## Required work:
From the data below, repeat exactly the lines from the line with "line L14 (-219.9999, 13) -> (-219.9999, 28)" to the line with "constraint vertical L5", both included.
___ Given records ___
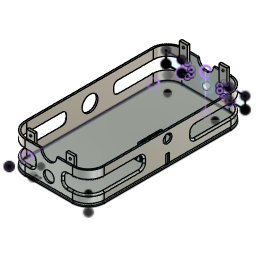
enclosure_bottom (Autodesk Fusion 360 design; units mm, degrees)
Autodesk Fusion 360 part; units mm, degrees
sketch "Sketch1" plane through (0, 0, 0) normal (0, 0, 1) x (1, 0, 0)
  line L0 (20, 0) -> (80, 0)
  line L1 (100, 20) -> (100, 180)
  line L2 (80, 200) -> (20, 200)
  line L3 (0, 180) -> (0, 20)
  arc A0 (0, 20) -> (20, 0) centre (20, 20) ccw
  arc A1 (80, 0) -> (100, 20) centre (80, 20) ccw
  arc A2 (100, 180) -> (80, 200) centre (80, 180) ccw
  arc A3 (20, 200) -> (0, 180) centre (20, 180) ccw
  line L4 (20, 2) -> (80, 2)
  arc A4 (80, 2) -> (98, 20) centre (80, 20) ccw
  line L5 (98, 20) -> (98, 180)
  arc A5 (98, 180) -> (80, 198) centre (80, 180) ccw
  line L6 (80, 198) -> (20, 198)
  arc A6 (20, 198) -> (2, 180) centre (20, 180) ccw
  line L7 (2, 180) -> (2, 20)
  arc A7 (2, 20) -> (20, 2) centre (20, 20) ccw
  point P0 (100, 0)
  point P1 (0, 200)
  dimension "d1" = 100
  dimension "d2" = 200
  dimension "d3" = 20
  dimension "d4" = -2
  constraint horizontal L0
  constraint vertical L1
  constraint horizontal L2
  constraint vertical L3
  constraint coincident origin L0
  constraint coincident origin L3
  constraint tangent L0 A0
  constraint tangent L3 A0
  constraint coincident P0 L0
  constraint coincident P0 L1
  constraint tangent L0 A1
  constraint tangent L1 A1
  constraint equal A0 A1
  constraint tangent L1 A2
  constraint tangent L2 A2
  constraint equal A0 A2
  constraint coincident P1 L2
  constraint coincident P1 L3
  constraint tangent L2 A3
  constraint tangent L3 A3
  constraint equal A0 A3
  measures "d1" distance of origin P0
  measures "d2" distance of origin P1
  measures "d3" radius of A0
extrude "Extrude1" add sketch "Sketch1" along normal blind 1.5 contours L4 A4 L5 A5 L6 A6 L7 A7
extrude "Extrude2" add sketch "Sketch1" along normal blind 40
sketch "Sketch2" plane through (0, 0, 0) normal (0, -1, 0) x (1, 0, 0)
  line L0 (20, 0) -> (80, 0)
  line L1 (80, 0) -> (80, 40)
  line L2 (80, 40) -> (20, 40)
  line L3 (20, 40) -> (20, 0)
  circle A0 centre (50, 40) radius 10
  dimension "d9" = 20
  constraint midpoint L2 A0.centre
  measures "d9" diameter of A0
sketch "Sketch3" plane through (0, 200, 0) normal (0, 1, 0) x (-1, 0, 0)
  line L0 (-80, 0) -> (-20, 0)
  line L1 (-20, 0) -> (-20, 40)
  line L2 (-20, 40) -> (-80, 40)
  line L3 (-80, 40) -> (-80, 0)
  circle A0 centre (-50, 40) radius 10
  dimension "d10" = 20
  constraint midpoint L2 A0.centre
  measures "d10" diameter of A0
extrude "Extrude3" cut sketch "Sketch3" against normal blind 10 contours L2 A0 picked at (-47.135, 36.6429)
extrude "Extrude4" cut sketch "Sketch2" against normal blind 10 contours L2 A0 picked at (52.865, 36.6429)
sketch "Sketch4" plane through (0, 0, 0) normal (-1, 0, 0) x (0, -1, 0)
  line L0 (-180, 0) -> (-20, 0)
  line L1 (-20, 0) -> (-20, 40)
  line L2 (-20, 40) -> (-180, 40)
  line L3 (-180, 40) -> (-180, 0)
  line L4 (-179.9999, 28) -> (-134.9999, 28)
  line L5 (-129.9999, 23) -> (-129.9999, 18)
  line L6 (-134.9999, 13) -> (-179.9999, 13)
  line L7 (-179.9999, 13) -> (-179.9999, 28)
  line L8 (-100, 40) -> (-100, 0) construction
  line L9 (-65.0001, 13) -> (-20.0001, 13)
  line L10 (-70.0001, 23) -> (-70.0001, 18)
  line L11 (-20.0001, 28) -> (-65.0001, 28)
  line L12 (-20.0001, 13) -> (-20.0001, 28)
  arc A0 (-129.9999, 23) -> (-134.9999, 28) centre (-134.9999, 23) ccw
  arc A1 (-134.9999, 13) -> (-129.9999, 18) centre (-134.9999, 18) ccw
  arc A2 (-65.0001, 28) -> (-70.0001, 23) centre (-65.0001, 23) ccw
  arc A3 (-70.0001, 18) -> (-65.0001, 13) centre (-65.0001, 18) ccw
  line L13 (-179.9999, 13) -> (-219.9999, 13)
  line L14 (-219.9999, 13) -> (-219.9999, 28)
  line L15 (-219.9999, 28) -> (-179.9999, 28)
  line L16 (-179.9999, 28) -> (-179.9999, 13)
  circle A4 centre (-100, 20) radius 10
  point P0 (-129.9999, 28)
  dimension "d15" = 50
  dimension "d16" = 15
  dimension "d17" = 0.0001
  dimension "d18" = 12
  dimension "d24" = 5
  dimension "d57" = 40
  dimension "d58" = 15
  dimension "d124" = 20
  dimension "d139" = 20
  constraint horizontal L4
  constraint vertical L5
  constraint horizontal L6
  constraint vertical L7
  constraint midpoint L2 L8.start
  constraint perpendicular L2 L8
  constraint symmetric L4.start L8 L11.start
  constraint symmetric L6.end L8 L9.end
  constraint coincident P0 L4
  constraint coincident P0 L5
  constraint tangent L4 A0
  constraint tangent L5 A0
  constraint tangent L5 A1
  constraint tangent L6 A1
  constraint equal A0 A1
  constraint tangent L10 A2
  constraint tangent L11 A2
  constraint equal A0 A2
  constraint tangent L9 A3
  constraint tangent L10 A3
  constraint equal A0 A3
  constraint horizontal L13
  constraint vertical L14
  constraint horizontal L15
  constraint vertical L16
  constraint midpoint L8 A4.centre
  measures "d15" distance of L4.start P0
  measures "d16" distance of L4.start L6.end
  measures "d17" distance of L3 L7
  measures "d18" distance of L2 L4
  measures "d24" radius of A0
  measures "d57" distance of L6.end L13.end
  measures "d58" distance of L6.end L4.start
  measures "d124" diameter of A4
  measures "d139" distance of L2 A4.centre
sketch "Sketch5" plane through (0, 0, 0) normal (0, -1, 0) x (1, 0, 0)
  arc A0 (40, 40) -> (60, 40) centre (50, 40) ccw
  line L0 (40, 40) -> (20, 40)
  line L1 (20, 40) -> (20, 0)
  line L2 (20, 0) -> (80, 0)
  line L3 (80, 0) -> (80, 40)
  line L4 (80, 40) -> (60, 40)
  line L5 (20, 28) -> (27, 28)
  line L6 (32, 23) -> (32, 18)
  line L7 (27, 13) -> (20, 13)
  line L8 (20, 13) -> (20, 28)
  line L9 (50, 30) -> (50, -15.7187) construction
  line L10 (50, 30) -> (50, -15.7187) construction
  line L11 (73, 13) -> (80, 13)
  line L12 (68, 23) -> (68, 18)
  line L13 (80, 28) -> (73, 28)
  line L14 (80, 13) -> (80, 28)
  line L15 (20, 28) -> (0, 28)
  line L16 (0, 28) -> (0, 13)
  line L17 (0, 13) -> (20, 13)
  line L18 (20, 13) -> (20, 28)
  line L19 (100, 13) -> (80, 13)
  line L20 (100, 28) -> (100, 13)
  line L21 (80, 28) -> (100, 28)
  line L22 (80, 13) -> (80, 28)
  arc A1 (32, 23) -> (27, 28) centre (27, 23) ccw
  arc A2 (27, 13) -> (32, 18) centre (27, 18) ccw
  arc A3 (68, 18) -> (73, 13) centre (73, 18) ccw
  arc A4 (73, 28) -> (68, 23) centre (73, 23) ccw
  arc A5 (20, 28) -> (20, 13) centre (20, 20.5) ccw
  line L23 (20, 13) -> (2, 13)
  line L24 (2, 28) -> (20, 28)
  circle A6 centre (50, 13.9414) radius 6.75
  point P0 (32, 28)
  dimension "d19" = 12
  dimension "d20" = 15
  dimension "d21" = 12
  dimension "d22" = 20
  dimension "d23" = 15
  dimension "d25" = 5
  dimension "d54" = 18
  dimension "d140" = 13.5
  constraint horizontal L5
  constraint vertical L6
  constraint horizontal L7
  constraint vertical L8
  constraint coincident L1 L5.start
  constraint midpoint A0 L9.start
  constraint vertical L9
  constraint symmetric L5.start L9 L13.start
  constraint symmetric L7.end L9 L11.end
  constraint symmetric L10.start L9 L9.start
  constraint symmetric L10.end L9 L9.end
  constraint horizontal L15
  constraint vertical L16
  constraint horizontal L17
  constraint vertical L18
  constraint symmetric L9 L15.end L20.start
  constraint symmetric L9 L16.end L19.start
  constraint symmetric L9 L7.end L11.end
  constraint coincident P0 L5
  constraint coincident P0 L6
  constraint tangent L5 A1
  constraint tangent L6 A1
  constraint tangent L6 A2
  constraint tangent L7 A2
  constraint equal A1 A2
  constraint tangent L11 A3
  constraint tangent L12 A3
  constraint equal A1 A3
  constraint tangent L12 A4
  constraint tangent L13 A4
  constraint equal A1 A4
  constraint tangent L5 A5
  constraint coincident L17 L23.end
  constraint coincident L15 L24.start
  constraint tangent A5 L24
  constraint coincident L9 A6.centre
  measures "d19" distance of L5.start P0
  measures "d20" distance of L5.start L7.end
  measures "d21" distance of L0 L5
  measures "d22" distance of L5.start L15.end
  measures "d23" distance of L5.start L7.end
  measures "d25" radius of A1
  measures "d54" distance of L7.end L23.end
  measures "d140" diameter of A6
extrude "Extrude5" cut sketch "Sketch5" against normal blind 21 contours L1 L5 L6 L7 L8 L18 A1 A2 | L15 L16 L17 A5 L23 L24 | L1 L8 L18 A5
extrude "Extrude6" cut sketch "Sketch4" against normal blind 10 contours L1 L9 L10 L11 L12 A2 A3
ref_plane "WorkPlane1" through (0, 100, 0) normal (0, 1, 0) x (0, 0, 1)
ref_plane "WorkPlane2" through (50, 0, 0) normal (1, 0, 0) x (0, 1, 0)
extrude "Extrude7" cut sketch "Sketch4" against normal blind 10 contours L3 L4 L5 L6 L7 A0 A1 L16
extrude "Extrude8" cut sketch "Sketch5" against normal blind 21 contours L3 L14 L19 L20 L21 L22 | L3 L11 L12 L13 L14 L22 A3 A4
sketch "Sketch6" plane through (0, 198, 0) normal (0, -1, 0) x (1, 0, 0)
  arc A0 (40, 40) -> (60, 40) centre (50, 40) ccw
  line L0 (40, 40) -> (20, 40)
  line L1 (20, 40) -> (20, 1.5)
  line L2 (20, 1.5) -> (80, 1.5)
  line L3 (80, 1.5) -> (80, 40)
  line L4 (80, 40) -> (60, 40)
  line L5 (80, 28) -> (100, 28)
  line L6 (80, 28) -> (73, 28)
  arc A1 (73, 28) -> (68, 23) centre (73, 23) ccw
  line L7 (68, 23) -> (68, 18)
  arc A2 (68, 18) -> (73, 13) centre (73, 18) ccw
  line L8 (73, 13) -> (80, 13)
  line L9 (100, 13) -> (80, 13)
  line L10 (32, 23) -> (32, 18)
  arc A3 (32, 23) -> (27, 28) centre (27, 23) ccw
  line L11 (20, 28) -> (27, 28)
  line L12 (20, 28) -> (0, 28)
  arc A4 (27, 13) -> (32, 18) centre (27, 18) ccw
  line L13 (27, 13) -> (20, 13)
  line L14 (0, 13) -> (20, 13)
  line L15 (0, 28) -> (0, 13)
  line L16 (100, 28) -> (100, 13)
  line L17 (0, 28) -> (0, 13)
  line L18 (100, 28) -> (80, 28)
  line L19 (80, 28) -> (80, 13)
  line L20 (80, 13) -> (100, 13)
  line L21 (20, 28) -> (0, 28)
  line L22 (0, 13) -> (20, 13)
  line L23 (50, 30) -> (50, -15.7187)
  line L24 (20, 13) -> (0, 13)
  line L25 (0, 28) -> (0, 13)
  line L26 (0, 28) -> (20, 28)
  line L27 (20, 28) -> (20, 13)
  constraint coincident L12.end L15.start
  constraint coincident L14.start L15.end
  constraint coincident L5.end L16.start
  constraint coincident L9.start L16.end
  constraint coincident L5.start L6.start
  constraint coincident L8.end L9.end
  constraint coincident L11.start L12.start
  constraint coincident L13.end L14.end
  constraint symmetric L5.end L23 L12.end
  constraint symmetric L9.start L23 L14.start
  constraint symmetric L5.start L23 L11.start
  constraint symmetric L8.end L23 L13.end
extrude "Extrude13" cut sketch "Sketch6" along normal blind 21 contours L3 L5 L9 L16 L18 L19 L20
sketch "Sketch7" plane through (100, 0, 0) normal (1, 0, 0) x (0, 1, 0)
  line L0 (20, 28) -> (21, 28)
  line L1 (21, 28) -> (21, 13)
  line L2 (21, 13) -> (20, 13)
  line L3 (20, 13) -> (20, 0)
  line L4 (20, 0) -> (180, 0)
  line L5 (180, 28) -> (180, 40)
  line L6 (180, 40) -> (20, 40)
  line L7 (20, 40) -> (20, 28)
  line L8 (20.0001, 28) -> (65.0001, 28)
  arc A0 (70.0001, 23) -> (65.0001, 28) centre (65.0001, 23) ccw
  line L9 (70.0001, 23) -> (70.0001, 18)
  arc A1 (65.0001, 13) -> (70.0001, 18) centre (65.0001, 18) ccw
  line L10 (65.0001, 13) -> (20.0001, 13)
  line L11 (179.9999, 28) -> (134.9999, 28)
  arc A2 (134.9999, 28) -> (129.9999, 23) centre (134.9999, 23) ccw
  line L12 (129.9999, 23) -> (129.9999, 18)
  arc A3 (129.9999, 18) -> (134.9999, 13) centre (134.9999, 18) ccw
  line L13 (134.9999, 13) -> (179.9999, 13)
  arc A4 (20.0001, 28) -> (20.0001, 13) centre (20.0001, 20.5) ccw
  line L14 (179.9999, 28) -> (179.9999, 13)
  line L15 (177, 28) -> (180, 28)
  line L16 (180, 0) -> (180, 13)
  line L17 (180, 13) -> (177, 13)
  line L18 (177, 13) -> (177, 28)
  constraint coincident L10.end A4.end
  constraint coincident L8.start A4.start
  constraint tangent L8 A4
  constraint coincident L11.start L14.start
  constraint coincident L13.end L14.end
extrude "Extrude11" cut sketch "Sketch7" against normal blind 10 contours L1 L8 A0 L9 A1 L10 | L11 L13 L14 L15 L17 L18 | L11 A2 L12 A3 L13 L18
extrude "Extrude12" cut sketch "Sketch6" against normal blind 21 contours L3 L5 L9 L16 L18 L19 L20
extrude "Extrude14" cut sketch "Sketch5" against normal blind 1000 contours L1 L5 L6 L7 L8 L18 A1 A2
extrude "Extrude15" cut sketch "Sketch5" against normal blind 1000 contours L3 L11 L12 L13 L14 L22 A3 A4
extrude "Extrude16" cut sketch "Sketch6" along normal blind 10 contours L1 L12 L14 L15 L17 L21 L22 L24 L25 L26 L27
extrude "Extrude17" cut sketch "Sketch6" along normal blind 21 contours L1 L12 L14 L15 L17 L21 L22 L24 L25 L26 L27
extrude "Extrude18" cut sketch "Sketch4" against normal blind 21 contours L3 L7 L13 L14 L15 L16
sketch "Sketch8" plane through (100, 0, 0) normal (1, 0, 0) x (0, 1, 0)
  line L0 (134.9999, 28) -> (180, 28)
  line L1 (180, 28) -> (180, 40)
  line L2 (180, 40) -> (20, 40)
  line L3 (20, 40) -> (20, 28)
  line L4 (20, 28) -> (65.0001, 28)
  arc A0 (70.0001, 23) -> (65.0001, 28) centre (65.0001, 23) ccw
  line L5 (70.0001, 23) -> (70.0001, 18)
  arc A1 (65.0001, 13) -> (70.0001, 18) centre (65.0001, 18) ccw
  line L6 (65.0001, 13) -> (20, 13)
  line L7 (20, 13) -> (20, 0)
  line L8 (20, 0) -> (180, 0)
  line L9 (180, 0) -> (180, 13)
  line L10 (180, 13) -> (134.9999, 13)
  arc A2 (129.9999, 18) -> (134.9999, 13) centre (134.9999, 18) ccw
  line L11 (129.9999, 18) -> (129.9999, 23)
  arc A3 (134.9999, 28) -> (129.9999, 23) centre (134.9999, 23) ccw
  circle A4 centre (100, 23.2658) radius 5.55
  dimension "d127" = 11.1
  measures "d127" diameter of A4
sketch "Sketch9" plane through (98, 0, 0) normal (-1, 0, 0) x (0, -1, 0)
  line L0 (-180, 28) -> (-134.9999, 28)
  arc A0 (-129.9999, 23) -> (-134.9999, 28) centre (-134.9999, 23) ccw
  line L1 (-129.9999, 23) -> (-129.9999, 18)
  arc A1 (-134.9999, 13) -> (-129.9999, 18) centre (-134.9999, 18) ccw
  line L2 (-134.9999, 13) -> (-180, 13)
  line L3 (-180, 13) -> (-180, 1.5)
  line L4 (-180, 1.5) -> (-20, 1.5)
  line L5 (-20, 1.5) -> (-20, 13)
  line L6 (-20, 13) -> (-65.0001, 13)
  arc A2 (-70.0001, 18) -> (-65.0001, 13) centre (-65.0001, 18) ccw
  line L7 (-70.0001, 18) -> (-70.0001, 23)
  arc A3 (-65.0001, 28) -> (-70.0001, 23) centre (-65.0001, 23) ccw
___
## Exercise solution:
  line L14 (-219.9999, 13) -> (-219.9999, 28)
  line L15 (-219.9999, 28) -> (-179.9999, 28)
  line L16 (-179.9999, 28) -> (-179.9999, 13)
  circle A4 centre (-100, 20) radius 10
  point P0 (-129.9999, 28)
  dimension "d15" = 50
  dimension "d16" = 15
  dimension "d17" = 0.0001
  dimension "d18" = 12
  dimension "d24" = 5
  dimension "d57" = 40
  dimension "d58" = 15
  dimension "d124" = 20
  dimension "d139" = 20
  constraint horizontal L4
  constraint vertical L5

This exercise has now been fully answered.